The polynomial $x^3+y^4$ is irreducible in $\mathbb C[x, y]$, thus $\mathbb C[x, y]/(x^3+y^4)$ is an integral domain. My question is: Is $\mathbb C[[x, y]]/(x^3+y^4)$ also an integral domain?
Further thoughts: $\mathbb C[[x, y]]/(x^3+y^4)$ is the completion of the excellent reduced local ring $\mathbb C[x, y]_{(x,y)}/(x^3+y^4)$, hence $\mathbb C[[x, y]]/(x^3+y^4)$ is reduced ... being an integral domain, however, is a much stronger property.
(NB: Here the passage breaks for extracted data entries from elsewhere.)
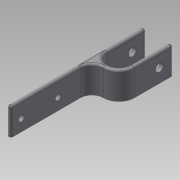
# Autodesk Inventor part: Ø12-Z Endstop Holder
Saved by Autodesk Inventor 2014 (Build 180170000, 170)
## iProperties
Created: 2015-08-05
Part Number: Ø12-Z Endstop Holder
Material: Generic
Document SubType Name: Modeling
Designer: Mathias L. Kjeldgaard
Density: 1 g/cm^3
Appearance: Default
Author: Mathias L. Kjeldgaard
Autodesk Inventor part; units mm, degrees
ref_plane "YZ Plane" through (0, 0, 0) normal (1, 0, 0) x (0, 1, 0)
ref_plane "XZ Plane" through (0, 0, 0) normal (0, 1, 0) x (-1, 0, 0)
ref_plane "XY Plane" through (0, 0, 0) normal (0, 0, 1) x (1, 0, 0)
sketch "Sketch1" plane through (0, 0, 0) normal (0, 0, 1) x (1, 0, 0)
  arc A0 (-6, 0) -> (6, 0) centre (0, 0) ccw
  arc A1 (0, -8) -> (8, 0) centre (0, 0) ccw
  line L0 (-6, -14) -> (-6, -50)
  line L1 (-8, 0) -> (-8, -50)
  line L2 (-6, 0) -> (-6, 20)
  line L3 (-8, 0) -> (-8, 20)
  line L4 (6, 0) -> (6, 20)
  line L5 (8, 0) -> (8, 20)
  line L6 (-8, -50) -> (-6, -50)
  line L7 (26.4346, -8) -> (-30.23, -8) construction
  arc A2 (0, -8) -> (-6, -14) centre (0, -14) ccw
  line L8 (8, 20) -> (6, 20)
  line L9 (-6, 20) -> (-8, 20)
  arc A3 (6, 0) -> (-6, 0) centre (0, 0) ccw construction
  dimension "d0" = 12
  dimension "d1" = 2
  dimension "d2" = 42
  dimension "d3" = 20
  dimension "d4" = 20
  constraints: 20 end point, 11 tangent, 8 point on circle, 7 parallel, 4 centre point, 2 coincident, 1 collinear, 1 perpendicular, 1 vertical
  measures "d0" diameter of A0
  measures "d1" radial gap between concentric circles of A1 A0
  measures "d2" distance between parallel lines of L6 L7
  measures "d3" distance from line of point (0, 0) L9
  measures "d4" distance from line of point (0, 0) L8
extrude "Extrusion1" add sketch "Sketch1" along normal blind 14
sketch "Sketch3" plane through (-8, -50, 0) normal (-1, 0, 0) x (0, 0, 1)
  line L0 (0, 0) -> (0, 70) projected
  line L1 (0, 0) -> (14, 0) projected
  line L2 (14, 70) -> (14, 0) projected
  line L3 (0, 70) -> (14, 70) projected
  line L4 (0, 42) -> (14, 42) projected
  circle A0 centre (6, 24.5) radius 1.5
  circle A1 centre (6, 5.5) radius 1.5
  line L5 (10.141, 23) -> (1.2635, 23) construction
  line L6 (10.6037, 7) -> (1.7262, 7) construction
  line L7 (6, 3.0673) -> (6, 29.9023) construction
  line L8 (9.9327, 26) -> (0.2455, 26) construction
  line L9 (10.6205, 4) -> (2.6453, 4) construction
  circle A2 centre (7, 63) radius 2
  line L10 (14, 54) -> (0, 54) construction
  point P0 (0, 50)
  dimension "d7" = 3
  dimension "d8" = 3
  dimension "d9" = 16
  dimension "d10" = 22
  dimension "d11" = 4
  dimension "d12" = 14
  dimension "d13" = 6
  dimension "d14" = 4
  dimension "d15" = 7
  dimension "d16" = 7
  dimension "d17" = 12
  constraints: 12 end point, 4 point on line, 4 tangent, 3 centre point, 3 parallel, 3 perpendicular
  measures "d7" diameter of A0
  measures "d8" diameter of A1
  measures "d9" distance between parallel lines of L5 L6
  measures "d10" distance between parallel lines of L8 L9
  measures "d11" distance between parallel lines of L1 L9
  measures "d12" distance between parallel lines of L2 L0
  measures "d13" distance between parallel lines of L0 L7
  measures "d14" diameter of A2
  measures "d15" distance from line of A2.centre L3
  measures "d16" distance from line of L2 A2.centre
  measures "d17" distance between parallel lines of L10 L4
extrude "Extrusion2" cut sketch "Sketch3" against normal up to surface (16 mm away) contours A0 | A1 | A2
fillet "Fillet1" radius 1 17 edges at (8, 20, 7) (6, 20, 7) (-6, 20, 7) (-8, 20, 7) (-6, -50, 7) (-8, -50, 7) (-4.2426, -9.7574, 14) (5.6569, -5.6569, 14) (8, 10, 14) (-6, -32, 14) (-6, 10, 14) (6, 10, 14) (0, -6, 14) (-8, -15, 14) (-7, -50, 14) (7, 20, 14) (-7, 20, 14)
equation "\"d4\" = d3"
equation "\"d8\" = d7"
equation "\"d16\" = 0.5 * d12"
body "Solid1"
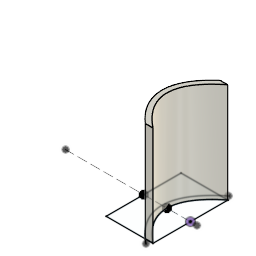
Single Curve Rectangular Reflector v2 (Autodesk Fusion 360 design; units mm, degrees)
Autodesk Fusion 360 part; units mm, degrees
sketch "Sketch1" plane through (0, 0, 0) normal (0, 0, 1) x (1, 0, 0)
  line L0 (0, 75) -> (-93.75, 75)
  line L1 (-93.75, 75) -> (-93.75, -75)
  line L2 (-93.75, -75) -> (0, -75)
  line L3 (0, -75) -> (0, 75)
  line L4 (0, 0) -> (-250, 0) construction
  spline S0 degree 2 poles (0, -75) (-93.75, 0) (0, 75) knots 0 0 0 17.688715 17.688715 17.688715
  spline S1 degree 3 poles (-6.247, -82.8087) (-22.5068, -69.8008) (-35.0297, -56.5704) (-43.6362, -42.8) (-49.9938, -32.6279) (-54.1945, -22.1238) (-55.9441, -11.4108) (-57.7012, -0.6518) (-56.9391, 10.2664) (-53.746, 20.8975) (-50.2745, 32.456) (-44.0021, 43.6588) (-35.2519, 54.5359) (-27.5183, 64.1492) (-17.8379, 73.5359) (-6.247, 82.8087) knots 0 0 0 0 4.422179 4.422179 4.422179 7.688813 7.688813 7.688813 10.969476 10.969476 10.969476 14.536327 14.536327 14.536327 17.688715 17.688715 17.688715 17.688715
  point P0 (13.125, 0)
  point P1 (-46.875, 0)
  constraint horizontal L0
  constraint vertical L1
  constraint horizontal L2
  constraint vertical L3
  constraint midpoint L4.start L3
  constraint coincident L4.start origin
  constraint perpendicular L3 L4
  constraint coincident S0 P1
  constraint coincident L4 P1
  constraint collinear L4.start P0 P1
extrude "Extrude2" add sketch "Sketch1" along normal blind 200 contours L0 L2 S0 S1
extrude "Extrude1" [suppressed]
equation "Focal = 0.06 m"
equation "Radius = 0.15 m"
equation "Hight = 0.20 m"
equation "d8 = Hight"
equation "d13 = Radius"
equation "d14 = ( Radius ^ 2 ) / ( 4 * Focal )"
equation "d17 = Focal"
equation "d18 = Hight"

Consider $\Bbb C[x,y]/(x^3+y^4)$. Let's first compute the normalization of this. We have $(\frac{x}{y})^{4}+x=0$, so the normalization contains $z:=\frac{x}{y}$. As $z^4=-x$ and $z^3=-y$, we get $\Bbb C[z] \supseteq R$. As a polynomial ring over a field, $\Bbb C[z]$ is integrally closed. Thus $\Bbb C[z]$ is the normalization of $\Bbb C[x,y]/(x^3+y^4)$ and expressing $x$ and $y$ in terms of $z$ as above, we get that $\Bbb C[x,y]/(x^3+y^4) \cong \Bbb C[z^3,z^4]$. Clearly the only prime ideal in $\Bbb C[z]$ lying over $(z^3,z^4)$ with respect to the normalization map $\Bbb C[z^3,z^4] \hookrightarrow \Bbb C[z]$ is $(z)$. Thus we get an induced map of local rings $\Bbb C[z^3,z^4]_{(z^3,z^4)} \hookrightarrow \Bbb C[z]_{(z)}$. By applying [stacks 0394], we get that $\Bbb C[[z]]$ is the $(z^3,z^4)$-adic completion of $\Bbb C[z]_{(z)}$. (It's easy to see that the required condition is satisfied.) But because $\Bbb C[z]_{(z)}$ is a finite $\Bbb C[z^3,z^4]_{(z^3,z^4)}$-module, this completion may be expressed as a tensor product $\Bbb C[z]_{(z)} \otimes_{A} \widehat{A}$, where $A=\Bbb C[z^3,z^4]_{(z^3,z^4)}$. To finish the argument, we use that $A \to \widehat{A}$ is flat, so the injection $A \to \Bbb C[z]_{(z)}$ induces an injection $A \otimes_A \widehat{A} \hookrightarrow \Bbb C[z]_{(z)} \otimes_{A} \widehat{A} \cong \Bbb C[[z]]$. Being isomorphic to a subring of an integral domain, $\widehat{A}$ is also an integral domain. In fact, if we know that $\widehat{A}$ is isomorphic to a subring of $\Bbb C[[z]]$, it's not hard to figure out that $\widehat{A}=\Bbb C[[z^3,z^4]]$.